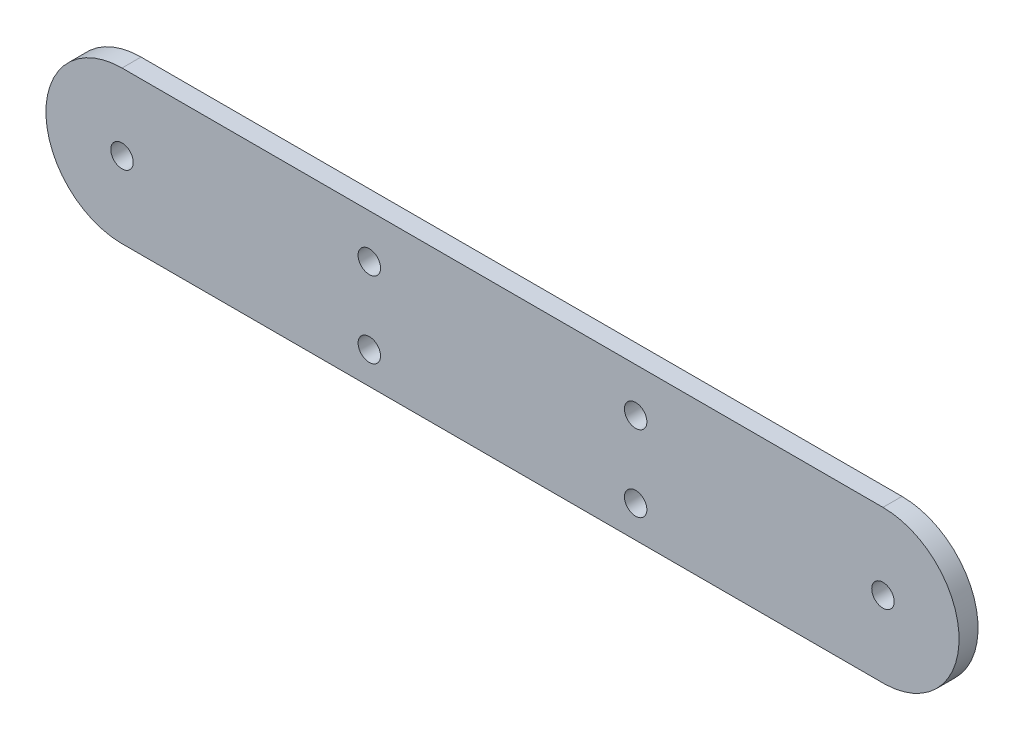
ISO-10303-21;
HEADER;
FILE_DESCRIPTION(('STEP AP214'),'2;1');
FILE_NAME('part.step','',(''),(''),'','','');
FILE_SCHEMA(('AUTOMOTIVE_DESIGN { 1 0 10303 214 1 1 1 1 }'));
ENDSEC;
DATA;
#1=APPLICATION_CONTEXT('core data for automotive mechanical design processes');
#2=APPLICATION_PROTOCOL_DEFINITION('international standard','automotive_design',2000,#1);
#3=PRODUCT_CONTEXT('',#1,'mechanical');
#4=PRODUCT('Part','Part','',(#3));
#5=PRODUCT_RELATED_PRODUCT_CATEGORY('part','',(#4));
#6=PRODUCT_DEFINITION_FORMATION('','',#4);
#7=PRODUCT_DEFINITION_CONTEXT('part definition',#1,'design');
#8=PRODUCT_DEFINITION('design','',#6,#7);
#9=PRODUCT_DEFINITION_SHAPE('','',#8);
#10=(LENGTH_UNIT() NAMED_UNIT(*) SI_UNIT(.MILLI.,.METRE.));
#11=(NAMED_UNIT(*) PLANE_ANGLE_UNIT() SI_UNIT($,.RADIAN.));
#12=(NAMED_UNIT(*) SI_UNIT($,.STERADIAN.) SOLID_ANGLE_UNIT());
#13=UNCERTAINTY_MEASURE_WITH_UNIT(LENGTH_MEASURE(1.E-05),#10,'distance_accuracy_value','');
#14=(GEOMETRIC_REPRESENTATION_CONTEXT(3) GLOBAL_UNCERTAINTY_ASSIGNED_CONTEXT((#13)) GLOBAL_UNIT_ASSIGNED_CONTEXT((#10,
#11,#12)) REPRESENTATION_CONTEXT('',''));
#15=CARTESIAN_POINT('',(0.,0.,0.));
#16=DIRECTION('',(0.,0.,1.));
#17=DIRECTION('',(1.,0.,0.));
#18=AXIS2_PLACEMENT_3D('',#15,#16,#17);
#19=CARTESIAN_POINT('',(-99.9998638918776,1.57181808007131,2.5));
#20=DIRECTION('',(0.,0.,-1.));
#21=DIRECTION('',(-1.,0.,0.));
#22=AXIS2_PLACEMENT_3D('',#19,#20,#21);
#23=CYLINDRICAL_SURFACE('',#22,20.);
#24=CARTESIAN_POINT('',(-99.9998638918776,1.57181808007131,-2.5));
#25=DIRECTION('',(0.,0.,1.));
#26=DIRECTION('',(-1.,0.,0.));
#27=AXIS2_PLACEMENT_3D('',#24,#25,#26);
#28=CIRCLE('',#27,20.);
#29=CARTESIAN_POINT('',(-100.,21.5718180796082,-2.5));
#30=VERTEX_POINT('',#29);
#31=CARTESIAN_POINT('',(-100.628572724151,-18.4182976075435,-2.5));
#32=VERTEX_POINT('',#31);
#33=EDGE_CURVE('E98',#30,#32,#28,.T.);
#34=ORIENTED_EDGE('',*,*,#33,.T.);
#35=DIRECTION('',(0.,0.,-1.));
#36=VECTOR('',#35,1.);
#37=CARTESIAN_POINT('',(-100.628572724151,-18.4182976075435,2.5));
#38=LINE('',#37,#36);
#39=CARTESIAN_POINT('',(-100.628572724151,-18.4182976075435,2.5));
#40=VERTEX_POINT('',#39);
#41=EDGE_CURVE('E11',#40,#32,#38,.T.);
#42=ORIENTED_EDGE('',*,*,#41,.F.);
#43=CARTESIAN_POINT('',(-99.9998638918776,1.57181808007131,2.5));
#44=DIRECTION('',(0.,0.,1.));
#45=DIRECTION('',(-1.,0.,0.));
#46=AXIS2_PLACEMENT_3D('',#43,#44,#45);
#47=CIRCLE('',#46,20.);
#48=CARTESIAN_POINT('',(-100.,21.5718180796082,2.5));
#49=VERTEX_POINT('',#48);
#50=EDGE_CURVE('E85',#49,#40,#47,.T.);
#51=ORIENTED_EDGE('',*,*,#50,.F.);
#52=DIRECTION('',(0.,0.,-1.));
#53=VECTOR('',#52,1.);
#54=CARTESIAN_POINT('',(-100.,21.5718180796082,2.5));
#55=LINE('',#54,#53);
#56=EDGE_CURVE('E94',#49,#30,#55,.T.);
#57=ORIENTED_EDGE('',*,*,#56,.T.);
#58=EDGE_LOOP('',(#34,#42,#51,#57));
#59=FACE_BOUND('',#58,.T.);
#60=ADVANCED_FACE('F32',(#59),#23,.T.);
#61=CARTESIAN_POINT('',(100.628572724151,-18.4182976075435,2.5));
#62=DIRECTION('',(0.,1.,0.));
#63=DIRECTION('',(0.,0.,1.));
#64=AXIS2_PLACEMENT_3D('',#61,#62,#63);
#65=PLANE('',#64);
#66=DIRECTION('',(1.,0.,0.));
#67=VECTOR('',#66,1.);
#68=CARTESIAN_POINT('',(100.628572724151,-18.4182976075435,-2.5));
#69=LINE('',#68,#67);
#70=CARTESIAN_POINT('',(100.628572724151,-18.4182976075435,-2.5));
#71=VERTEX_POINT('',#70);
#72=EDGE_CURVE('E89',#32,#71,#69,.T.);
#73=ORIENTED_EDGE('',*,*,#72,.T.);
#74=DIRECTION('',(0.,0.,-1.));
#75=VECTOR('',#74,1.);
#76=CARTESIAN_POINT('',(100.628572724151,-18.4182976075435,2.5));
#77=LINE('',#76,#75);
#78=CARTESIAN_POINT('',(100.628572724151,-18.4182976075435,2.5));
#79=VERTEX_POINT('',#78);
#80=EDGE_CURVE('E41',#79,#71,#77,.T.);
#81=ORIENTED_EDGE('',*,*,#80,.F.);
#82=DIRECTION('',(1.,0.,0.));
#83=VECTOR('',#82,1.);
#84=CARTESIAN_POINT('',(100.628572724151,-18.4182976075435,2.5));
#85=LINE('',#84,#83);
#86=EDGE_CURVE('E80',#40,#79,#85,.T.);
#87=ORIENTED_EDGE('',*,*,#86,.F.);
#88=ORIENTED_EDGE('',*,*,#41,.T.);
#89=EDGE_LOOP('',(#73,#81,#87,#88));
#90=FACE_BOUND('',#89,.T.);
#91=ADVANCED_FACE('F88',(#90),#65,.F.);
#92=CARTESIAN_POINT('',(99.9998638918776,1.57181808007131,2.5));
#93=DIRECTION('',(0.,0.,-1.));
#94=DIRECTION('',(-1.,0.,0.));
#95=AXIS2_PLACEMENT_3D('',#92,#93,#94);
#96=CYLINDRICAL_SURFACE('',#95,20.);
#97=CARTESIAN_POINT('',(99.9998638918776,1.57181808007131,-2.5));
#98=DIRECTION('',(0.,0.,1.));
#99=DIRECTION('',(1.,0.,0.));
#100=AXIS2_PLACEMENT_3D('',#97,#98,#99);
#101=CIRCLE('',#100,20.);
#102=CARTESIAN_POINT('',(100.,21.5718180796082,-2.5));
#103=VERTEX_POINT('',#102);
#104=EDGE_CURVE('E67',#71,#103,#101,.T.);
#105=ORIENTED_EDGE('',*,*,#104,.T.);
#106=DIRECTION('',(0.,0.,-1.));
#107=VECTOR('',#106,1.);
#108=CARTESIAN_POINT('',(100.,21.5718180796082,2.5));
#109=LINE('',#108,#107);
#110=CARTESIAN_POINT('',(100.,21.5718180796082,2.5));
#111=VERTEX_POINT('',#110);
#112=EDGE_CURVE('E90',#111,#103,#109,.T.);
#113=ORIENTED_EDGE('',*,*,#112,.F.);
#114=CARTESIAN_POINT('',(99.9998638918776,1.57181808007131,2.5));
#115=DIRECTION('',(0.,0.,1.));
#116=DIRECTION('',(1.,0.,0.));
#117=AXIS2_PLACEMENT_3D('',#114,#115,#116);
#118=CIRCLE('',#117,20.);
#119=EDGE_CURVE('E83',#79,#111,#118,.T.);
#120=ORIENTED_EDGE('',*,*,#119,.F.);
#121=ORIENTED_EDGE('',*,*,#80,.T.);
#122=EDGE_LOOP('',(#105,#113,#120,#121));
#123=FACE_BOUND('',#122,.T.);
#124=ADVANCED_FACE('F92',(#123),#96,.T.);
#125=CARTESIAN_POINT('',(100.,21.5718180796082,2.5));
#126=DIRECTION('',(0.,-1.,0.));
#127=DIRECTION('',(1.,0.,0.));
#128=AXIS2_PLACEMENT_3D('',#125,#126,#127);
#129=PLANE('',#128);
#130=DIRECTION('',(-1.,0.,0.));
#131=VECTOR('',#130,1.);
#132=CARTESIAN_POINT('',(100.,21.5718180796082,-2.5));
#133=LINE('',#132,#131);
#134=EDGE_CURVE('E73',#103,#30,#133,.T.);
#135=ORIENTED_EDGE('',*,*,#134,.T.);
#136=ORIENTED_EDGE('',*,*,#56,.F.);
#137=DIRECTION('',(-1.,0.,0.));
#138=VECTOR('',#137,1.);
#139=CARTESIAN_POINT('',(100.,21.5718180796082,2.5));
#140=LINE('',#139,#138);
#141=EDGE_CURVE('E50',#111,#49,#140,.T.);
#142=ORIENTED_EDGE('',*,*,#141,.F.);
#143=ORIENTED_EDGE('',*,*,#112,.T.);
#144=EDGE_LOOP('',(#135,#136,#142,#143));
#145=FACE_BOUND('',#144,.T.);
#146=ADVANCED_FACE('F147',(#145),#129,.F.);
#147=CARTESIAN_POINT('',(-99.9998638918776,1.57181808007131,2.5));
#148=DIRECTION('',(0.,0.,-1.));
#149=DIRECTION('',(-1.,0.,0.));
#150=AXIS2_PLACEMENT_3D('',#147,#148,#149);
#151=PLANE('',#150);
#152=CARTESIAN_POINT('',(35.,9.99999999999999,2.5));
#153=DIRECTION('',(0.,0.,1.));
#154=DIRECTION('',(-1.,0.,0.));
#155=AXIS2_PLACEMENT_3D('',#152,#153,#154);
#156=CIRCLE('',#155,2.95);
#157=CARTESIAN_POINT('',(32.05,9.99999999999999,2.5));
#158=VERTEX_POINT('',#157);
#159=EDGE_CURVE('E133',#158,#158,#156,.T.);
#160=ORIENTED_EDGE('',*,*,#159,.F.);
#161=EDGE_LOOP('',(#160));
#162=FACE_BOUND('',#161,.T.);
#163=CARTESIAN_POINT('',(35.,-9.99999999999999,2.5));
#164=DIRECTION('',(0.,0.,1.));
#165=DIRECTION('',(1.,0.,0.));
#166=AXIS2_PLACEMENT_3D('',#163,#164,#165);
#167=CIRCLE('',#166,2.95000000000003);
#168=CARTESIAN_POINT('',(37.95,-9.99999999999999,2.5));
#169=VERTEX_POINT('',#168);
#170=EDGE_CURVE('E123',#169,#169,#167,.T.);
#171=ORIENTED_EDGE('',*,*,#170,.F.);
#172=EDGE_LOOP('',(#171));
#173=FACE_BOUND('',#172,.T.);
#174=CARTESIAN_POINT('',(-35.,-10.,2.5));
#175=DIRECTION('',(0.,0.,1.));
#176=DIRECTION('',(-1.,0.,0.));
#177=AXIS2_PLACEMENT_3D('',#174,#175,#176);
#178=CIRCLE('',#177,2.95000000000003);
#179=CARTESIAN_POINT('',(-37.95,-10.,2.5));
#180=VERTEX_POINT('',#179);
#181=EDGE_CURVE('E120',#180,#180,#178,.T.);
#182=ORIENTED_EDGE('',*,*,#181,.F.);
#183=EDGE_LOOP('',(#182));
#184=FACE_BOUND('',#183,.T.);
#185=CARTESIAN_POINT('',(-35.,10.,2.5));
#186=DIRECTION('',(0.,0.,1.));
#187=DIRECTION('',(1.,0.,0.));
#188=AXIS2_PLACEMENT_3D('',#185,#186,#187);
#189=CIRCLE('',#188,2.95);
#190=CARTESIAN_POINT('',(-32.05,10.,2.5));
#191=VERTEX_POINT('',#190);
#192=EDGE_CURVE('E117',#191,#191,#189,.T.);
#193=ORIENTED_EDGE('',*,*,#192,.F.);
#194=EDGE_LOOP('',(#193));
#195=FACE_BOUND('',#194,.T.);
#196=CARTESIAN_POINT('',(99.9998638918776,1.57181808007131,2.5));
#197=DIRECTION('',(0.,0.,1.));
#198=DIRECTION('',(-1.,0.,0.));
#199=AXIS2_PLACEMENT_3D('',#196,#197,#198);
#200=CIRCLE('',#199,2.95);
#201=CARTESIAN_POINT('',(97.0498638918776,1.57181808007131,2.5));
#202=VERTEX_POINT('',#201);
#203=EDGE_CURVE('E113',#202,#202,#200,.T.);
#204=ORIENTED_EDGE('',*,*,#203,.F.);
#205=EDGE_LOOP('',(#204));
#206=FACE_BOUND('',#205,.T.);
#207=CARTESIAN_POINT('',(-99.9998638918776,1.57181808007131,2.5));
#208=DIRECTION('',(0.,0.,1.));
#209=DIRECTION('',(1.,0.,0.));
#210=AXIS2_PLACEMENT_3D('',#207,#208,#209);
#211=CIRCLE('',#210,2.95);
#212=CARTESIAN_POINT('',(-97.0498638918776,1.57181808007131,2.5));
#213=VERTEX_POINT('',#212);
#214=EDGE_CURVE('E109',#213,#213,#211,.T.);
#215=ORIENTED_EDGE('',*,*,#214,.F.);
#216=EDGE_LOOP('',(#215));
#217=FACE_BOUND('',#216,.T.);
#218=ORIENTED_EDGE('',*,*,#50,.T.);
#219=ORIENTED_EDGE('',*,*,#86,.T.);
#220=ORIENTED_EDGE('',*,*,#119,.T.);
#221=ORIENTED_EDGE('',*,*,#141,.T.);
#222=EDGE_LOOP('',(#218,#219,#220,#221));
#223=FACE_BOUND('',#222,.T.);
#224=ADVANCED_FACE('F81',(#162,#173,#184,#195,#206,#217,#223),#151,.F.);
#225=CARTESIAN_POINT('',(-99.9998638918776,1.57181808007131,-2.5));
#226=DIRECTION('',(0.,0.,-1.));
#227=DIRECTION('',(-1.,0.,0.));
#228=AXIS2_PLACEMENT_3D('',#225,#226,#227);
#229=PLANE('',#228);
#230=CARTESIAN_POINT('',(35.,9.99999999999999,-2.5));
#231=DIRECTION('',(0.,0.,-1.));
#232=DIRECTION('',(-1.,0.,0.));
#233=AXIS2_PLACEMENT_3D('',#230,#231,#232);
#234=CIRCLE('',#233,2.95);
#235=CARTESIAN_POINT('',(32.05,9.99999999999999,-2.5));
#236=VERTEX_POINT('',#235);
#237=EDGE_CURVE('E35',#236,#236,#234,.T.);
#238=ORIENTED_EDGE('',*,*,#237,.F.);
#239=EDGE_LOOP('',(#238));
#240=FACE_BOUND('',#239,.T.);
#241=CARTESIAN_POINT('',(35.,-9.99999999999999,-2.5));
#242=DIRECTION('',(0.,0.,-1.));
#243=DIRECTION('',(-1.,0.,0.));
#244=AXIS2_PLACEMENT_3D('',#241,#242,#243);
#245=CIRCLE('',#244,2.95000000000003);
#246=CARTESIAN_POINT('',(32.05,-9.99999999999999,-2.5));
#247=VERTEX_POINT('',#246);
#248=EDGE_CURVE('E121',#247,#247,#245,.T.);
#249=ORIENTED_EDGE('',*,*,#248,.F.);
#250=EDGE_LOOP('',(#249));
#251=FACE_BOUND('',#250,.T.);
#252=CARTESIAN_POINT('',(-35.,-10.,-2.5));
#253=DIRECTION('',(0.,0.,-1.));
#254=DIRECTION('',(-1.,0.,0.));
#255=AXIS2_PLACEMENT_3D('',#252,#253,#254);
#256=CIRCLE('',#255,2.95000000000003);
#257=CARTESIAN_POINT('',(-37.95,-10.,-2.5));
#258=VERTEX_POINT('',#257);
#259=EDGE_CURVE('E118',#258,#258,#256,.T.);
#260=ORIENTED_EDGE('',*,*,#259,.F.);
#261=EDGE_LOOP('',(#260));
#262=FACE_BOUND('',#261,.T.);
#263=CARTESIAN_POINT('',(-35.,10.,-2.5));
#264=DIRECTION('',(0.,0.,-1.));
#265=DIRECTION('',(-1.,0.,0.));
#266=AXIS2_PLACEMENT_3D('',#263,#264,#265);
#267=CIRCLE('',#266,2.95);
#268=CARTESIAN_POINT('',(-37.95,10.,-2.5));
#269=VERTEX_POINT('',#268);
#270=EDGE_CURVE('E114',#269,#269,#267,.T.);
#271=ORIENTED_EDGE('',*,*,#270,.F.);
#272=EDGE_LOOP('',(#271));
#273=FACE_BOUND('',#272,.T.);
#274=CARTESIAN_POINT('',(99.9998638918776,1.57181808007131,-2.5));
#275=DIRECTION('',(0.,0.,-1.));
#276=DIRECTION('',(-1.,0.,0.));
#277=AXIS2_PLACEMENT_3D('',#274,#275,#276);
#278=CIRCLE('',#277,2.95);
#279=CARTESIAN_POINT('',(97.0498638918776,1.57181808007131,-2.5));
#280=VERTEX_POINT('',#279);
#281=EDGE_CURVE('E110',#280,#280,#278,.T.);
#282=ORIENTED_EDGE('',*,*,#281,.F.);
#283=EDGE_LOOP('',(#282));
#284=FACE_BOUND('',#283,.T.);
#285=CARTESIAN_POINT('',(-99.9998638918776,1.57181808007131,-2.5));
#286=DIRECTION('',(0.,0.,-1.));
#287=DIRECTION('',(-1.,0.,0.));
#288=AXIS2_PLACEMENT_3D('',#285,#286,#287);
#289=CIRCLE('',#288,2.95);
#290=CARTESIAN_POINT('',(-102.949863891878,1.57181808007131,-2.5));
#291=VERTEX_POINT('',#290);
#292=EDGE_CURVE('E101',#291,#291,#289,.T.);
#293=ORIENTED_EDGE('',*,*,#292,.F.);
#294=EDGE_LOOP('',(#293));
#295=FACE_BOUND('',#294,.T.);
#296=ORIENTED_EDGE('',*,*,#33,.F.);
#297=ORIENTED_EDGE('',*,*,#134,.F.);
#298=ORIENTED_EDGE('',*,*,#104,.F.);
#299=ORIENTED_EDGE('',*,*,#72,.F.);
#300=EDGE_LOOP('',(#296,#297,#298,#299));
#301=FACE_BOUND('',#300,.T.);
#302=ADVANCED_FACE('F146',(#240,#251,#262,#273,#284,#295,#301),#229,.T.);
#303=CARTESIAN_POINT('',(-99.9998638918776,1.57181808007131,-7.5));
#304=DIRECTION('',(0.,0.,1.));
#305=DIRECTION('',(1.,0.,0.));
#306=AXIS2_PLACEMENT_3D('',#303,#304,#305);
#307=CYLINDRICAL_SURFACE('',#306,2.95);
#308=ORIENTED_EDGE('',*,*,#292,.T.);
#309=EDGE_LOOP('',(#308));
#310=FACE_BOUND('',#309,.T.);
#311=ORIENTED_EDGE('',*,*,#214,.T.);
#312=EDGE_LOOP('',(#311));
#313=FACE_BOUND('',#312,.T.);
#314=ADVANCED_FACE('F143',(#310,#313),#307,.F.);
#315=CARTESIAN_POINT('',(99.9998638918776,1.57181808007131,-7.5));
#316=DIRECTION('',(0.,0.,1.));
#317=DIRECTION('',(1.,0.,0.));
#318=AXIS2_PLACEMENT_3D('',#315,#316,#317);
#319=CYLINDRICAL_SURFACE('',#318,2.95);
#320=ORIENTED_EDGE('',*,*,#281,.T.);
#321=EDGE_LOOP('',(#320));
#322=FACE_BOUND('',#321,.T.);
#323=ORIENTED_EDGE('',*,*,#203,.T.);
#324=EDGE_LOOP('',(#323));
#325=FACE_BOUND('',#324,.T.);
#326=ADVANCED_FACE('F187',(#322,#325),#319,.F.);
#327=CARTESIAN_POINT('',(-35.,10.,-7.5));
#328=DIRECTION('',(0.,0.,1.));
#329=DIRECTION('',(1.,0.,0.));
#330=AXIS2_PLACEMENT_3D('',#327,#328,#329);
#331=CYLINDRICAL_SURFACE('',#330,2.95);
#332=ORIENTED_EDGE('',*,*,#270,.T.);
#333=EDGE_LOOP('',(#332));
#334=FACE_BOUND('',#333,.T.);
#335=ORIENTED_EDGE('',*,*,#192,.T.);
#336=EDGE_LOOP('',(#335));
#337=FACE_BOUND('',#336,.T.);
#338=ADVANCED_FACE('F196',(#334,#337),#331,.F.);
#339=CARTESIAN_POINT('',(-35.,-10.,-7.5));
#340=DIRECTION('',(0.,0.,1.));
#341=DIRECTION('',(1.,0.,0.));
#342=AXIS2_PLACEMENT_3D('',#339,#340,#341);
#343=CYLINDRICAL_SURFACE('',#342,2.95000000000003);
#344=ORIENTED_EDGE('',*,*,#259,.T.);
#345=EDGE_LOOP('',(#344));
#346=FACE_BOUND('',#345,.T.);
#347=ORIENTED_EDGE('',*,*,#181,.T.);
#348=EDGE_LOOP('',(#347));
#349=FACE_BOUND('',#348,.T.);
#350=ADVANCED_FACE('F215',(#346,#349),#343,.F.);
#351=CARTESIAN_POINT('',(35.,-9.99999999999999,-7.5));
#352=DIRECTION('',(0.,0.,1.));
#353=DIRECTION('',(1.,0.,0.));
#354=AXIS2_PLACEMENT_3D('',#351,#352,#353);
#355=CYLINDRICAL_SURFACE('',#354,2.95000000000003);
#356=ORIENTED_EDGE('',*,*,#248,.T.);
#357=EDGE_LOOP('',(#356));
#358=FACE_BOUND('',#357,.T.);
#359=ORIENTED_EDGE('',*,*,#170,.T.);
#360=EDGE_LOOP('',(#359));
#361=FACE_BOUND('',#360,.T.);
#362=ADVANCED_FACE('F225',(#358,#361),#355,.F.);
#363=CARTESIAN_POINT('',(35.,9.99999999999999,-7.5));
#364=DIRECTION('',(0.,0.,1.));
#365=DIRECTION('',(1.,0.,0.));
#366=AXIS2_PLACEMENT_3D('',#363,#364,#365);
#367=CYLINDRICAL_SURFACE('',#366,2.95);
#368=ORIENTED_EDGE('',*,*,#237,.T.);
#369=EDGE_LOOP('',(#368));
#370=FACE_BOUND('',#369,.T.);
#371=ORIENTED_EDGE('',*,*,#159,.T.);
#372=EDGE_LOOP('',(#371));
#373=FACE_BOUND('',#372,.T.);
#374=ADVANCED_FACE('F235',(#370,#373),#367,.F.);
#375=CLOSED_SHELL('',(#60,#91,#124,#146,#224,#302,#314,#326,#338,#350,#362,#374));
#376=MANIFOLD_SOLID_BREP('B2',#375);
#377=ADVANCED_BREP_SHAPE_REPRESENTATION('',(#18,#376),#14);
#378=SHAPE_DEFINITION_REPRESENTATION(#9,#377);
ENDSEC;
END-ISO-10303-21;
----
EXERCISE DESCRIPTION ▸
What is needed is an exact copy of the lines from the one containing "#377=ADVANCED_BREP_SHAPE_REPRESENTATION('',(#18,#376),#14);" to the end of the data; please add nothing else.

EXPECTED ANSWER ▸
#377=ADVANCED_BREP_SHAPE_REPRESENTATION('',(#18,#376),#14);
#378=SHAPE_DEFINITION_REPRESENTATION(#9,#377);
ENDSEC;
END-ISO-10303-21;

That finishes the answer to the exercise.